:: Data for the task ::

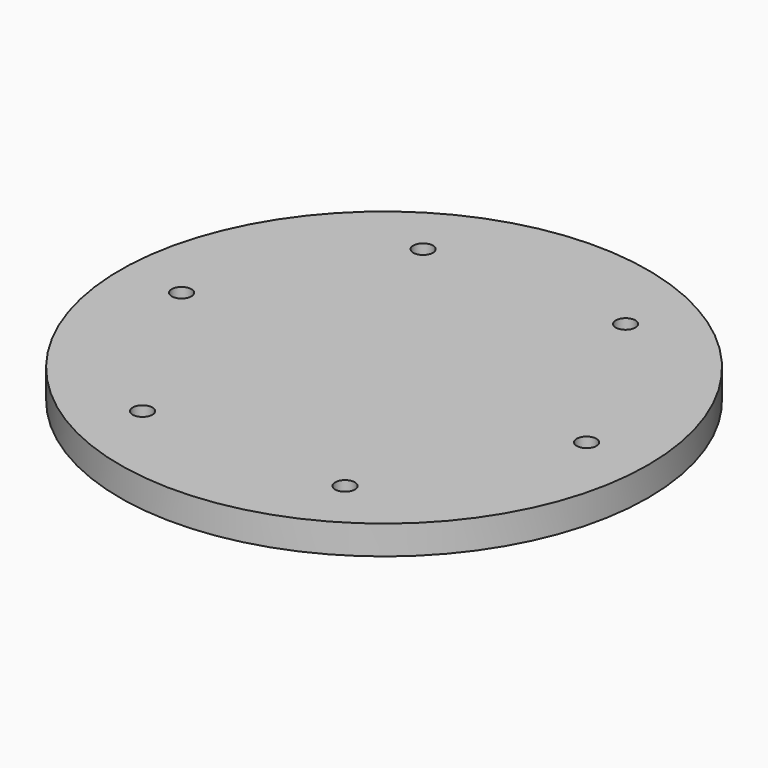
from build123d import *

# Parameters (mm, degrees)
F0_R            = 46.355
F1_DEPTH        = 5.08
F4_D            = 3.4544
F4_COPIES_COUNT = 6


# Not quite as in the source:
# - a pattern or mirror of a feature is missing from the dataset's text; its kind, count and spacing are read off the source's solid


with BuildPart() as f1:
    # F0 (on Top) → F1 (new body)
    with BuildSketch(Plane.XY):
        Circle(F0_R)
    extrude(amount=F1_DEPTH)

    # F4 (through all)
    with Locations(Plane(origin=(0, 0, 0), x_dir=(1, 0, 0), z_dir=(0, 0, -1))):
        with Locations((35.56, 0)):
            f4 = Hole(F4_D / 2)

    # F4_copies: F4 ×6 about axis
    f4_copies_axis = Axis((0, 0, 0), (0, 0, 1))
    for i in range(1, F4_COPIES_COUNT):
        add(f4.rotate(f4_copies_axis, i * 360 / F4_COPIES_COUNT), mode=Mode.SUBTRACT)


solid = f1.part

:::

**Work request:** Transcribe all of the lines above exactly as given. The pictures stay out.

**Exercise solution:**
from build123d import *

# Parameters (mm, degrees)
F0_R            = 46.355
F1_DEPTH        = 5.08
F4_D            = 3.4544
F4_COPIES_COUNT = 6


# Not quite as in the source:
# - a pattern or mirror of a feature is missing from the dataset's text; its kind, count and spacing are read off the source's solid


with BuildPart() as f1:
    # F0 (on Top) → F1 (new body)
    with BuildSketch(Plane.XY):
        Circle(F0_R)
    extrude(amount=F1_DEPTH)

    # F4 (through all)
    with Locations(Plane(origin=(0, 0, 0), x_dir=(1, 0, 0), z_dir=(0, 0, -1))):
        with Locations((35.56, 0)):
            f4 = Hole(F4_D / 2)

    # F4_copies: F4 ×6 about axis
    f4_copies_axis = Axis((0, 0, 0), (0, 0, 1))
    for i in range(1, F4_COPIES_COUNT):
        add(f4.rotate(f4_copies_axis, i * 360 / F4_COPIES_COUNT), mode=Mode.SUBTRACT)


solid = f1.part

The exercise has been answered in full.